The Elephant in Advancement, Top 5 Reasons for Low User Adoption of a New CRM Platform


Here’s what we all agree on—it is vital for an institution to nurture relationships, manage engagement, and drive successful fundraising initiatives. But low user adoption rates after implementing an advancement Constituent Relationship Management (CRM) platform can be frustrating. 


The most cited CRM user adoption challenges across professions and industries are attributed to lack of precise goals, software complexity, and training support. Understanding how and why these challenges arise can improve CRM user adoption.


We discuss five common challenges to consider. 

#1—Insufficient training or familiarity with the technology. 

Institutions don’t always address both training and familiarity with the tool. Training on your advancement CRM needs to happen on two levels. The first level is users need to understand what the tool can do. The what capabilities should include in-depth knowledge and understanding of the CRM’s features and functionality. 


That combined with what is the best way to use it aligns capabilities and best practices with their daily operations. 

#2—Complex and non-intuitive interface. 

You can have a great CRM platform + bad implementation = low user adoption.


If this is true, you’re likely leading one of two extremes. The first extreme is, too often, institutions have the mindset they will keep everything the same from the out-of-the-box CRM. These institutions expect users to use it as-is and work through it from there. This mindset is sometimes considered conservative, but that is an incorrect assumption. 


When you keep your CRM as-is, you’re creating a complex and non-intuitive interface. Remember, the software vendor showed you everything from an application administrator’s point of view, so you know what you’re dealing with. You’re handing off the most complex version to users if you keep it the same. 


The second extreme is over-engineering the entire user experience—adding automation and changing the user interface until it’s unrecognizable. In this extreme, what you’ve likely done is made it look like your legacy system. Essentially, you’ve bought a brand-new tool and converted it to what you’re trying to retire. 


The correct conservative approach is to streamline the user experience, eliminate noise, and focus on valuable tool sets and information. 

#3—Lack of leadership buy-in and support. 

Users follow leadership and watch to see what they feel is essential. This includes social and organizational cues within the institution. If leadership has yet to emphasize the importance of the advancement CRM, the entire implementation, or if they’re not using and promoting it, their employees are less likely to embrace it. Attitude reflects leadership. 

#4—Inadequate donor data integration.

You’ve bought the tool itself, but it cannot live in a bubble. In advancement, an ecosystem of technology needs to work together.
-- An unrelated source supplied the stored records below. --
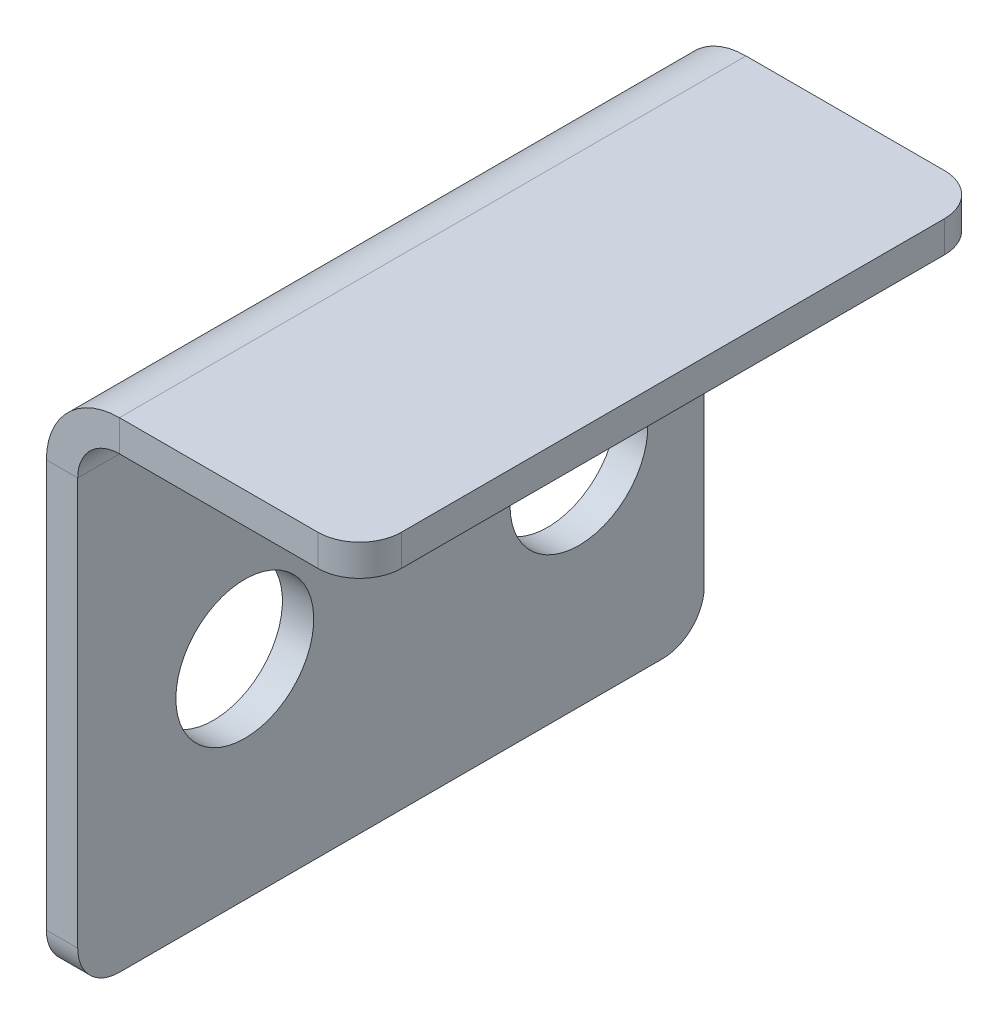
ISO-10303-21;
HEADER;
FILE_DESCRIPTION(('STEP AP214'),'2;1');
FILE_NAME('part.step','',(''),(''),'','','');
FILE_SCHEMA(('AUTOMOTIVE_DESIGN { 1 0 10303 214 1 1 1 1 }'));
ENDSEC;
DATA;
#1=APPLICATION_CONTEXT('core data for automotive mechanical design processes');
#2=APPLICATION_PROTOCOL_DEFINITION('international standard','automotive_design',2000,#1);
#3=PRODUCT_CONTEXT('',#1,'mechanical');
#4=PRODUCT('Part','Part','',(#3));
#5=PRODUCT_RELATED_PRODUCT_CATEGORY('part','',(#4));
#6=PRODUCT_DEFINITION_FORMATION('','',#4);
#7=PRODUCT_DEFINITION_CONTEXT('part definition',#1,'design');
#8=PRODUCT_DEFINITION('design','',#6,#7);
#9=PRODUCT_DEFINITION_SHAPE('','',#8);
#10=(LENGTH_UNIT() NAMED_UNIT(*) SI_UNIT(.MILLI.,.METRE.));
#11=(NAMED_UNIT(*) PLANE_ANGLE_UNIT() SI_UNIT($,.RADIAN.));
#12=(NAMED_UNIT(*) SI_UNIT($,.STERADIAN.) SOLID_ANGLE_UNIT());
#13=UNCERTAINTY_MEASURE_WITH_UNIT(LENGTH_MEASURE(1.E-05),#10,'distance_accuracy_value','');
#14=(GEOMETRIC_REPRESENTATION_CONTEXT(3) GLOBAL_UNCERTAINTY_ASSIGNED_CONTEXT((#13)) GLOBAL_UNIT_ASSIGNED_CONTEXT((#10,
#11,#12)) REPRESENTATION_CONTEXT('',''));
#15=CARTESIAN_POINT('',(0.,0.,0.));
#16=DIRECTION('',(0.,0.,1.));
#17=DIRECTION('',(1.,0.,0.));
#18=AXIS2_PLACEMENT_3D('',#15,#16,#17);
#19=CARTESIAN_POINT('',(3.5,0.,15.));
#20=DIRECTION('',(0.,0.,1.));
#21=DIRECTION('',(1.,0.,0.));
#22=AXIS2_PLACEMENT_3D('',#19,#20,#21);
#23=PLANE('',#22);
#24=DIRECTION('',(0.,-1.,0.));
#25=VECTOR('',#24,1.);
#26=CARTESIAN_POINT('',(3.5,0.,15.));
#27=LINE('',#26,#25);
#28=CARTESIAN_POINT('',(3.5,0.,15.));
#29=VERTEX_POINT('',#28);
#30=CARTESIAN_POINT('',(3.5,-1.5,15.));
#31=VERTEX_POINT('',#30);
#32=EDGE_CURVE('E128',#29,#31,#27,.T.);
#33=ORIENTED_EDGE('',*,*,#32,.F.);
#34=CARTESIAN_POINT('',(3.5,-3.5,15.));
#35=DIRECTION('',(0.,0.,1.));
#36=DIRECTION('',(1.,0.,0.));
#37=AXIS2_PLACEMENT_3D('',#34,#35,#36);
#38=CIRCLE('',#37,3.5);
#39=CARTESIAN_POINT('',(0.,-3.5,15.));
#40=VERTEX_POINT('',#39);
#41=EDGE_CURVE('E132',#40,#29,#38,.F.);
#42=ORIENTED_EDGE('',*,*,#41,.F.);
#43=DIRECTION('',(-1.,0.,0.));
#44=VECTOR('',#43,1.);
#45=CARTESIAN_POINT('',(1.5,-3.5,15.));
#46=LINE('',#45,#44);
#47=CARTESIAN_POINT('',(1.5,-3.5,15.));
#48=VERTEX_POINT('',#47);
#49=EDGE_CURVE('E137',#48,#40,#46,.T.);
#50=ORIENTED_EDGE('',*,*,#49,.F.);
#51=CARTESIAN_POINT('',(3.5,-3.5,15.));
#52=DIRECTION('',(0.,0.,1.));
#53=DIRECTION('',(1.,0.,0.));
#54=AXIS2_PLACEMENT_3D('',#51,#52,#53);
#55=CIRCLE('',#54,2.);
#56=EDGE_CURVE('E134',#48,#31,#55,.F.);
#57=ORIENTED_EDGE('',*,*,#56,.T.);
#58=EDGE_LOOP('',(#33,#42,#50,#57));
#59=FACE_BOUND('',#58,.T.);
#60=ADVANCED_FACE('F37',(#59),#23,.T.);
#61=CARTESIAN_POINT('',(1.5,-3.5,15.));
#62=DIRECTION('',(0.,0.,1.));
#63=DIRECTION('',(1.,0.,0.));
#64=AXIS2_PLACEMENT_3D('',#61,#62,#63);
#65=PLANE('',#64);
#66=DIRECTION('',(1.,0.,0.));
#67=VECTOR('',#66,1.);
#68=CARTESIAN_POINT('',(0.,-1.5,15.));
#69=LINE('',#68,#67);
#70=CARTESIAN_POINT('',(13.,-1.5,15.));
#71=VERTEX_POINT('',#70);
#72=EDGE_CURVE('E155',#31,#71,#69,.T.);
#73=ORIENTED_EDGE('',*,*,#72,.T.);
#74=DIRECTION('',(0.,-1.,0.));
#75=VECTOR('',#74,1.);
#76=CARTESIAN_POINT('',(13.,-3.5,15.));
#77=LINE('',#76,#75);
#78=CARTESIAN_POINT('',(13.,0.,15.));
#79=VERTEX_POINT('',#78);
#80=EDGE_CURVE('E11',#71,#79,#77,.F.);
#81=ORIENTED_EDGE('',*,*,#80,.T.);
#82=DIRECTION('',(1.,0.,0.));
#83=VECTOR('',#82,1.);
#84=CARTESIAN_POINT('',(0.,0.,15.));
#85=LINE('',#84,#83);
#86=EDGE_CURVE('E144',#29,#79,#85,.T.);
#87=ORIENTED_EDGE('',*,*,#86,.F.);
#88=ORIENTED_EDGE('',*,*,#32,.T.);
#89=EDGE_LOOP('',(#73,#81,#87,#88));
#90=FACE_BOUND('',#89,.T.);
#91=ADVANCED_FACE('F154',(#90),#65,.T.);
#92=CARTESIAN_POINT('',(0.,-3.5,-15.));
#93=DIRECTION('',(0.,0.,-1.));
#94=DIRECTION('',(-1.,0.,0.));
#95=AXIS2_PLACEMENT_3D('',#92,#93,#94);
#96=PLANE('',#95);
#97=DIRECTION('',(1.,0.,0.));
#98=VECTOR('',#97,1.);
#99=CARTESIAN_POINT('',(0.,-3.5,-15.));
#100=LINE('',#99,#98);
#101=CARTESIAN_POINT('',(0.,-3.5,-15.));
#102=VERTEX_POINT('',#101);
#103=CARTESIAN_POINT('',(1.5,-3.5,-15.));
#104=VERTEX_POINT('',#103);
#105=EDGE_CURVE('E200',#102,#104,#100,.T.);
#106=ORIENTED_EDGE('',*,*,#105,.F.);
#107=CARTESIAN_POINT('',(3.5,-3.5,-15.));
#108=DIRECTION('',(0.,0.,1.));
#109=DIRECTION('',(1.,0.,0.));
#110=AXIS2_PLACEMENT_3D('',#107,#108,#109);
#111=CIRCLE('',#110,3.5);
#112=CARTESIAN_POINT('',(3.5,0.,-15.));
#113=VERTEX_POINT('',#112);
#114=EDGE_CURVE('E174',#102,#113,#111,.F.);
#115=ORIENTED_EDGE('',*,*,#114,.T.);
#116=DIRECTION('',(0.,1.,0.));
#117=VECTOR('',#116,1.);
#118=CARTESIAN_POINT('',(3.5,-1.5,-15.));
#119=LINE('',#118,#117);
#120=CARTESIAN_POINT('',(3.5,-1.5,-15.));
#121=VERTEX_POINT('',#120);
#122=EDGE_CURVE('E198',#121,#113,#119,.T.);
#123=ORIENTED_EDGE('',*,*,#122,.F.);
#124=CARTESIAN_POINT('',(3.5,-3.5,-15.));
#125=DIRECTION('',(0.,0.,1.));
#126=DIRECTION('',(1.,0.,0.));
#127=AXIS2_PLACEMENT_3D('',#124,#125,#126);
#128=CIRCLE('',#127,2.);
#129=EDGE_CURVE('E180',#104,#121,#128,.F.);
#130=ORIENTED_EDGE('',*,*,#129,.F.);
#131=EDGE_LOOP('',(#106,#115,#123,#130));
#132=FACE_BOUND('',#131,.T.);
#133=ADVANCED_FACE('F294',(#132),#96,.T.);
#134=CARTESIAN_POINT('',(3.5,-1.5,-15.));
#135=DIRECTION('',(0.,0.,-1.));
#136=DIRECTION('',(-1.,0.,0.));
#137=AXIS2_PLACEMENT_3D('',#134,#135,#136);
#138=PLANE('',#137);
#139=DIRECTION('',(0.,1.,0.));
#140=VECTOR('',#139,1.);
#141=CARTESIAN_POINT('',(1.5,0.,-15.));
#142=LINE('',#141,#140);
#143=CARTESIAN_POINT('',(1.5,-23.,-15.));
#144=VERTEX_POINT('',#143);
#145=EDGE_CURVE('E178',#144,#104,#142,.T.);
#146=ORIENTED_EDGE('',*,*,#145,.F.);
#147=DIRECTION('',(-1.,0.,0.));
#148=VECTOR('',#147,1.);
#149=CARTESIAN_POINT('',(3.5,-23.,-15.));
#150=LINE('',#149,#148);
#151=CARTESIAN_POINT('',(0.,-23.,-15.));
#152=VERTEX_POINT('',#151);
#153=EDGE_CURVE('E222',#144,#152,#150,.T.);
#154=ORIENTED_EDGE('',*,*,#153,.T.);
#155=DIRECTION('',(0.,1.,0.));
#156=VECTOR('',#155,1.);
#157=CARTESIAN_POINT('',(0.,0.,-15.));
#158=LINE('',#157,#156);
#159=EDGE_CURVE('E176',#152,#102,#158,.T.);
#160=ORIENTED_EDGE('',*,*,#159,.T.);
#161=ORIENTED_EDGE('',*,*,#105,.T.);
#162=EDGE_LOOP('',(#146,#154,#160,#161));
#163=FACE_BOUND('',#162,.T.);
#164=ADVANCED_FACE('F288',(#163),#138,.T.);
#165=CARTESIAN_POINT('',(0.,-1.5,15.));
#166=DIRECTION('',(0.,1.,0.));
#167=DIRECTION('',(0.,0.,1.));
#168=AXIS2_PLACEMENT_3D('',#165,#166,#167);
#169=PLANE('',#168);
#170=DIRECTION('',(1.,0.,0.));
#171=VECTOR('',#170,1.);
#172=CARTESIAN_POINT('',(0.,-1.5,-15.));
#173=LINE('',#172,#171);
#174=CARTESIAN_POINT('',(13.,-1.5,-15.));
#175=VERTEX_POINT('',#174);
#176=EDGE_CURVE('E169',#121,#175,#173,.T.);
#177=ORIENTED_EDGE('',*,*,#176,.T.);
#178=CARTESIAN_POINT('',(13.,-1.5,-13.));
#179=DIRECTION('',(0.,1.,0.));
#180=DIRECTION('',(0.,0.,1.));
#181=AXIS2_PLACEMENT_3D('',#178,#179,#180);
#182=CIRCLE('',#181,2.);
#183=CARTESIAN_POINT('',(15.,-1.5,-13.));
#184=VERTEX_POINT('',#183);
#185=EDGE_CURVE('E230',#175,#184,#182,.F.);
#186=ORIENTED_EDGE('',*,*,#185,.T.);
#187=DIRECTION('',(0.,0.,-1.));
#188=VECTOR('',#187,1.);
#189=CARTESIAN_POINT('',(15.,-1.5,15.));
#190=LINE('',#189,#188);
#191=CARTESIAN_POINT('',(15.,-1.5,13.));
#192=VERTEX_POINT('',#191);
#193=EDGE_CURVE('E196',#192,#184,#190,.T.);
#194=ORIENTED_EDGE('',*,*,#193,.F.);
#195=CARTESIAN_POINT('',(13.,-1.5,13.));
#196=DIRECTION('',(0.,1.,0.));
#197=DIRECTION('',(0.,0.,1.));
#198=AXIS2_PLACEMENT_3D('',#195,#196,#197);
#199=CIRCLE('',#198,2.);
#200=EDGE_CURVE('E228',#192,#71,#199,.F.);
#201=ORIENTED_EDGE('',*,*,#200,.T.);
#202=ORIENTED_EDGE('',*,*,#72,.F.);
#203=DIRECTION('',(0.,0.,-1.));
#204=VECTOR('',#203,1.);
#205=CARTESIAN_POINT('',(3.5,-1.5,15.));
#206=LINE('',#205,#204);
#207=EDGE_CURVE('E168',#31,#121,#206,.T.);
#208=ORIENTED_EDGE('',*,*,#207,.T.);
#209=EDGE_LOOP('',(#177,#186,#194,#201,#202,#208));
#210=FACE_BOUND('',#209,.T.);
#211=ADVANCED_FACE('F246',(#210),#169,.F.);
#212=CARTESIAN_POINT('',(15.,0.,15.));
#213=DIRECTION('',(1.,0.,0.));
#214=DIRECTION('',(0.,0.,-1.));
#215=AXIS2_PLACEMENT_3D('',#212,#213,#214);
#216=PLANE('',#215);
#217=ORIENTED_EDGE('',*,*,#193,.T.);
#218=DIRECTION('',(0.,-1.,0.));
#219=VECTOR('',#218,1.);
#220=CARTESIAN_POINT('',(15.,0.,-13.));
#221=LINE('',#220,#219);
#222=CARTESIAN_POINT('',(15.,0.,-13.));
#223=VERTEX_POINT('',#222);
#224=EDGE_CURVE('E58',#184,#223,#221,.F.);
#225=ORIENTED_EDGE('',*,*,#224,.T.);
#226=DIRECTION('',(0.,0.,-1.));
#227=VECTOR('',#226,1.);
#228=CARTESIAN_POINT('',(15.,0.,15.));
#229=LINE('',#228,#227);
#230=CARTESIAN_POINT('',(15.,0.,13.));
#231=VERTEX_POINT('',#230);
#232=EDGE_CURVE('E151',#231,#223,#229,.T.);
#233=ORIENTED_EDGE('',*,*,#232,.F.);
#234=DIRECTION('',(0.,-1.,0.));
#235=VECTOR('',#234,1.);
#236=CARTESIAN_POINT('',(15.,0.,13.));
#237=LINE('',#236,#235);
#238=EDGE_CURVE('E232',#231,#192,#237,.T.);
#239=ORIENTED_EDGE('',*,*,#238,.T.);
#240=EDGE_LOOP('',(#217,#225,#233,#239));
#241=FACE_BOUND('',#240,.T.);
#242=ADVANCED_FACE('F247',(#241),#216,.T.);
#243=CARTESIAN_POINT('',(0.,0.,15.));
#244=DIRECTION('',(0.,1.,0.));
#245=DIRECTION('',(0.,0.,1.));
#246=AXIS2_PLACEMENT_3D('',#243,#244,#245);
#247=PLANE('',#246);
#248=ORIENTED_EDGE('',*,*,#232,.T.);
#249=CARTESIAN_POINT('',(13.,0.,-13.));
#250=DIRECTION('',(0.,1.,0.));
#251=DIRECTION('',(0.,0.,1.));
#252=AXIS2_PLACEMENT_3D('',#249,#250,#251);
#253=CIRCLE('',#252,2.);
#254=CARTESIAN_POINT('',(13.,0.,-15.));
#255=VERTEX_POINT('',#254);
#256=EDGE_CURVE('E45',#223,#255,#253,.T.);
#257=ORIENTED_EDGE('',*,*,#256,.T.);
#258=DIRECTION('',(1.,0.,0.));
#259=VECTOR('',#258,1.);
#260=CARTESIAN_POINT('',(0.,0.,-15.));
#261=LINE('',#260,#259);
#262=EDGE_CURVE('E147',#113,#255,#261,.T.);
#263=ORIENTED_EDGE('',*,*,#262,.F.);
#264=DIRECTION('',(0.,0.,-1.));
#265=VECTOR('',#264,1.);
#266=CARTESIAN_POINT('',(3.5,0.,15.));
#267=LINE('',#266,#265);
#268=EDGE_CURVE('E142',#29,#113,#267,.T.);
#269=ORIENTED_EDGE('',*,*,#268,.F.);
#270=ORIENTED_EDGE('',*,*,#86,.T.);
#271=CARTESIAN_POINT('',(13.,0.,13.));
#272=DIRECTION('',(0.,1.,0.));
#273=DIRECTION('',(0.,0.,1.));
#274=AXIS2_PLACEMENT_3D('',#271,#272,#273);
#275=CIRCLE('',#274,2.);
#276=EDGE_CURVE('E236',#79,#231,#275,.T.);
#277=ORIENTED_EDGE('',*,*,#276,.T.);
#278=EDGE_LOOP('',(#248,#257,#263,#269,#270,#277));
#279=FACE_BOUND('',#278,.T.);
#280=ADVANCED_FACE('F143',(#279),#247,.T.);
#281=CARTESIAN_POINT('',(3.5,-3.5,15.));
#282=DIRECTION('',(0.,0.,-1.));
#283=DIRECTION('',(-1.,0.,0.));
#284=AXIS2_PLACEMENT_3D('',#281,#282,#283);
#285=CYLINDRICAL_SURFACE('',#284,3.5);
#286=ORIENTED_EDGE('',*,*,#114,.F.);
#287=DIRECTION('',(0.,0.,-1.));
#288=VECTOR('',#287,1.);
#289=CARTESIAN_POINT('',(0.,-3.5,15.));
#290=LINE('',#289,#288);
#291=EDGE_CURVE('E152',#40,#102,#290,.T.);
#292=ORIENTED_EDGE('',*,*,#291,.F.);
#293=ORIENTED_EDGE('',*,*,#41,.T.);
#294=ORIENTED_EDGE('',*,*,#268,.T.);
#295=EDGE_LOOP('',(#286,#292,#293,#294));
#296=FACE_BOUND('',#295,.T.);
#297=ADVANCED_FACE('F158',(#296),#285,.T.);
#298=CARTESIAN_POINT('',(0.,0.,15.));
#299=DIRECTION('',(-1.,0.,0.));
#300=DIRECTION('',(0.,-1.,0.));
#301=AXIS2_PLACEMENT_3D('',#298,#299,#300);
#302=PLANE('',#301);
#303=CARTESIAN_POINT('',(0.,-15.,-9.));
#304=DIRECTION('',(-1.,0.,0.));
#305=DIRECTION('',(0.,0.,1.));
#306=AXIS2_PLACEMENT_3D('',#303,#304,#305);
#307=CIRCLE('',#306,3.3);
#308=CARTESIAN_POINT('',(0.,-15.,-5.7));
#309=VERTEX_POINT('',#308);
#310=EDGE_CURVE('E257',#309,#309,#307,.T.);
#311=ORIENTED_EDGE('',*,*,#310,.F.);
#312=EDGE_LOOP('',(#311));
#313=FACE_BOUND('',#312,.T.);
#314=CARTESIAN_POINT('',(0.,-15.,7.));
#315=DIRECTION('',(-1.,0.,0.));
#316=DIRECTION('',(0.,0.,1.));
#317=AXIS2_PLACEMENT_3D('',#314,#315,#316);
#318=CIRCLE('',#317,3.3);
#319=CARTESIAN_POINT('',(0.,-15.,10.3));
#320=VERTEX_POINT('',#319);
#321=EDGE_CURVE('E207',#320,#320,#318,.T.);
#322=ORIENTED_EDGE('',*,*,#321,.F.);
#323=EDGE_LOOP('',(#322));
#324=FACE_BOUND('',#323,.T.);
#325=DIRECTION('',(0.,0.,-1.));
#326=VECTOR('',#325,1.);
#327=CARTESIAN_POINT('',(0.,-25.,15.));
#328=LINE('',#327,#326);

There must be a 360-degree view that seamlessly integrates with other systems, otherwise user adoption decreases. This is because if users jump from one system to another to do their job it becomes cumbersome, and they are reluctant to do it.


Unfortunately, even if the inadequate integration is to blame, the new system takes the brunt of it. Users think, “Why should I learn a new system if it doesn’t seamlessly fit into my world?” Integrating the CRM with essential tools—for fundraising and engagement to automate data flows—is critical to the user experience. Doing so increases user adoption rates. 

#5—Lack of clear ROI and impact visibility. 

Users are more likely to adopt and embrace an advancement CRM when they can witness or understand how its impact will make a difference in what they care about. 

  • What are they measured on? 
  • Is there an impact on their goals?
  • Are they measured as an individual staff member or as a department?

User adoption decreases if the advancement CRM implementation or overall project fails to provide clear linkages between the why and what the organization hopes to improve and achieve. Consider sharing your organizational goals regarding: 

  • Key metrics
  • Donor engagement 
  • Campaign performance 

It’s about connecting the dots for users on why they’re doing this and how this new advancement CRM technology will make a difference. Clearly indicating your organizational goals directly impacts adoption and enthusiasm for the system.